++++ Supplied data ++++
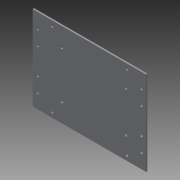
# Autodesk Inventor part: バッテリー固定
Saved by Autodesk Inventor 2014 (Build 180170000, 170)
## iProperties
Created: 2013-09-12
Part Number: バッテリー固定
Material: 一般
Document SubType Name: Modeling
Designer: koki
Density: 1 g/cm^3
Appearance: 既定
Author: koki
Autodesk Inventor part; units mm, degrees
ref_plane "YZ Plane" through (0, 0, 0) normal (1, 0, 0) x (0, 1, 0)
ref_plane "XZ Plane" through (0, 0, 0) normal (0, 1, 0) x (-1, 0, 0)
ref_plane "XY Plane" through (0, 0, 0) normal (0, 0, 1) x (1, 0, 0)
sketch "スケッチ1" plane through (0, 0, 0) normal (0, 1, 0) x (-1, 0, 0)
  line L0 (-20.4773, 9.5578) -> (96.5227, 9.5578)
  line L1 (96.5227, 9.5578) -> (96.5227, -77.4422)
  line L2 (96.5227, -77.4422) -> (-20.4773, -77.4422)
  line L3 (-20.4773, -77.4422) -> (-20.4773, 9.5578)
  point P0 (0, 0)
  dimension "d0" = 117
  dimension "d1" = 87
  constraints: 8 end point, 2 parallel, 1 horizontal, 1 perpendicular
  measures "d0" distance of L1.end L2.end
  measures "d1" distance of L0.end L1.end
extrude "押し出し1" add sketch "スケッチ1" along normal blind 1.5
sketch "スケッチ2" plane through (0, 1.5, 0) normal (0, 1, 0) x (1, 0, 0)
  line L0 (-96.5227, -9.5578) -> (20.4773, -9.5578) projected
  line L1 (20.4773, -9.5578) -> (20.4773, 77.4422) projected
  line L2 (20.4773, 77.4422) -> (-96.5227, 77.4422) projected
  line L3 (-96.5227, 77.4422) -> (-96.5227, -9.5578) projected
  point P0 (0, 0)
  point P1 (-76.5227, 72.4422)
  point P2 (0.4773, 72.4422)
  point P3 (-76.5227, -4.5578)
  point P4 (0.4773, -4.5578)
  dimension "d4" = 5
  dimension "d5" = 5
  dimension "d6" = 5
  dimension "d7" = 5
  dimension "d8" = 20
  dimension "d9" = 20
  dimension "d10" = 20
  dimension "d11" = 20
  measures "d4" distance from line of L2 point (-76.523, 72.442)
  measures "d5" distance from line of L2 point (0.477, 72.442)
  measures "d6" distance from line of L0 point (-76.523, -4.558)
  measures "d7" distance from line of L0 point (0.477, -4.558)
  measures "d8" distance from line of L3 point (-76.523, 72.442)
  measures "d9" distance from line of L1 point (0.477, 72.442)
  measures "d10" distance from line of L3 point (-76.523, -4.558)
  measures "d11" distance from line of L1 point (0.477, -4.558)
hole "穴1" at (-76.5227, 1.5, -72.4422) at (0.4773, 1.5, -72.4422) at (-76.5227, 1.5, 4.5578) at (0.4773, 1.5, 4.5578) direction (0, -1, 0) diameter 3 end through all
sketch "スケッチ3" plane through (0, 1.5, 0) normal (0, 1, 0) x (1, 0, 0)
  line L0 (-96.5227, -9.5578) -> (20.4773, -9.5578) projected
  line L1 (20.4773, -9.5578) -> (20.4773, 77.4422) projected
  line L2 (20.4773, 77.4422) -> (-96.5227, 77.4422) projected
  line L3 (-96.5227, 77.4422) -> (-96.5227, -9.5578) projected
  point P0 (0, 0)
  point P1 (-91.5227, 47.4422)
  point P2 (-91.5227, 47.4422)
  point P3 (-91.5227, 62.4422)
  point P4 (-91.5227, 20.4422)
  point P5 (-91.5227, 5.4422)
  point P6 (15.4773, 62.4422)
  point P7 (15.4773, 47.4422)
  point P8 (15.4773, 20.4422)
  point P9 (15.4773, 5.4422)
  dimension "d19" = 5
  dimension "d20" = 5
  dimension "d21" = 5
  dimension "d22" = 5
  dimension "d23" = 30
  dimension "d24" = 15
  dimension "d25" = 15
  dimension "d26" = 30
  dimension "d27" = 15
  dimension "d28" = 30
  dimension "d29" = 15
  dimension "d30" = 30
  dimension "d31" = 5
  dimension "d32" = 5
  dimension "d33" = 5
  dimension "d34" = 5
  constraints: 1 coincident
  measures "d19" distance from line of L3 point (-91.523, 47.442)
  measures "d20" distance from line of L3 point (-91.523, 62.442)
  measures "d21" distance from line of L3 point (-91.523, 20.442)
  measures "d22" distance from line of L3 point (-91.523, 5.442)
  measures "d23" distance from line of L2 point (-91.523, 47.442)
  measures "d24" distance from line of L2 point (-91.523, 62.442)
  measures "d25" distance from line of L0 point (-91.523, 5.442)
  measures "d26" distance from line of L0 point (-91.523, 20.442)
  measures "d27" distance from line of L2 point (15.477, 62.442)
  measures "d28" distance from line of L2 point (15.477, 47.442)
  measures "d29" distance from line of L0 point (15.477, 5.442)
  measures "d30" distance from line of L0 point (15.477, 20.442)
  measures "d31" distance from line of L1 point (15.477, 62.442)
  measures "d32" distance from line of L1 point (15.477, 47.442)
  measures "d33" distance from line of L1 point (15.477, 20.442)
  measures "d34" distance from line of L1 point (15.477, 5.442)
hole "穴2" at (-91.5227, 1.5, -47.4422) at (-91.5227, 1.5, -62.4422) at (-91.5227, 1.5, -20.4422) at (-91.5227, 1.5, -5.4422) at (15.4773, 1.5, -62.4422) at (15.4773, 1.5, -47.4422) at (15.4773, 1.5, -20.4422) at (15.4773, 1.5, -5.4422) direction (0, -1, 0) diameter 3 end through all
sketch "スケッチ4" plane through (0, 1.5, 0) normal (0, 1, 0) x (1, 0, 0)
  line L0 (20.4773, -9.5578) -> (20.4773, 77.4422) projected
  line L1 (20.4773, 77.4422) -> (-96.5227, 77.4422) projected
  line L2 (5.1573, 61.2472) -> (-81.2027, 61.2472)
  line L3 (-81.2027, 61.2472) -> (-81.2027, 6.6372)
  line L4 (-81.2027, 61.2472) -> (5.1573, 61.2472)
  line L5 (5.1573, 6.6372) -> (-81.2027, 6.6372)
  line L6 (-81.2027, 6.6372) -> (-81.2027, 61.2472)
  line L7 (-81.2027, 6.6372) -> (5.1573, 6.6372)
  line L8 (5.1573, 6.6372) -> (5.1573, 61.2472)
  point P0 (-96.5227, -9.5578)
  point P1 (0, 0)
  point P2 (0, 0)
  point P3 (0, 0)
  point P4 (-0.5577, 54.8972)
  point P5 (-0.5577, 12.9872)
  point P6 (-66.5977, 9.8122)
  point P7 (-66.5977, 58.0722)
  dimension "d42" = 86.36
  dimension "d43" = 54.61
  dimension "d44" = 14.605
  dimension "d45" = 3.175
  dimension "d46" = 3.175
  dimension "d47" = 14.605
  dimension "d48" = 6.35
  dimension "d50" = 6.35
  dimension "d52" = 0
  dimension "d53" = 0
  dimension "d54" = 87
  dimension "d55" = 16.195
  dimension "d56" = 117
  dimension "d58" = 15.32
  dimension "d59" = 5.715
  dimension "d60" = 5.715
  dimension "d61" = 66.04
  dimension "d62" = 66.04
  constraints: 14 end point, 1 horizontal, 1 parallel
  measures "d42" distance of L5.start L5.end
  measures "d43" distance of L4.end L5.start
  measures "d44" distance from line of L6 point (-66.598, 58.072)
  measures "d45" distance from line of L4 point (-66.598, 58.072)
  measures "d46" distance from line of L5 point (-66.598, 9.812)
  measures "d47" distance from line of L6 point (-66.598, 9.812)
  measures "d48" distance from line of L5 point (-0.558, 12.987)
  measures "d50" distance from line of L4 point (-0.558, 54.897)
  measures "d52" distance between parallel lines of L2 L4
  measures "d53" distance between parallel lines of L3 L6
  measures "d54" distance of L0.start L0.end
  measures "d55" distance between parallel lines of L1 L2
  measures "d56" distance of point (-96.523, -9.558) L0.start
  measures "d58" distance between parallel lines of L0 L8
  measures "d59" distance from line of L8 point (-0.558, 54.897)
  measures "d60" distance from line of L8 point (-0.558, 12.987)
  measures "d61" horizontal distance of point (-66.598, 9.812) point (-0.558, 12.987)
  measures "d62" horizontal distance of point (-66.598, 58.072) point (-0.558, 54.897)
hole "穴3" at (-66.5977, 1.5, -58.0722) at (-66.5977, 1.5, -9.8122) at (-0.5577, 1.5, -12.9872) at (-0.5577, 1.5, -54.8972) direction (0, -1, 0) diameter 3 end through all
equation "\"d5\" = d4"
equation "\"d6\" = d4"
equation "\"d7\" = d6"
equation "\"d9\" = d8"
equation "\"d10\" = d8"
equation "\"d11\" = d9"
equation "\"d20\" = d19"
equation "\"d21\" = d20"
equation "\"d22\" = d20"
equation "\"d32\" = d31"
equation "\"d33\" = d32"
equation "\"d34\" = d33"
equation "\"d55\" = 0.5 * d54 - 0.5 * d43"
equation "\"d58\" = 0.5 * d56 - 0.5 * d42"
++++
**Exercise brief**
Find the line with "(-66.5977, 1.5, -58.0722)" in the listing. Reproduce it and all the lines after it, exactly, through the last line.

**Solution below**
hole "穴3" at (-66.5977, 1.5, -58.0722) at (-66.5977, 1.5, -9.8122) at (-0.5577, 1.5, -12.9872) at (-0.5577, 1.5, -54.8972) direction (0, -1, 0) diameter 3 end through all
equation "\"d5\" = d4"
equation "\"d6\" = d4"
equation "\"d7\" = d6"
equation "\"d9\" = d8"
equation "\"d10\" = d8"
equation "\"d11\" = d9"
equation "\"d20\" = d19"
equation "\"d21\" = d20"
equation "\"d22\" = d20"
equation "\"d32\" = d31"
equation "\"d33\" = d32"
equation "\"d34\" = d33"
equation "\"d55\" = 0.5 * d54 - 0.5 * d43"
equation "\"d58\" = 0.5 * d56 - 0.5 * d42"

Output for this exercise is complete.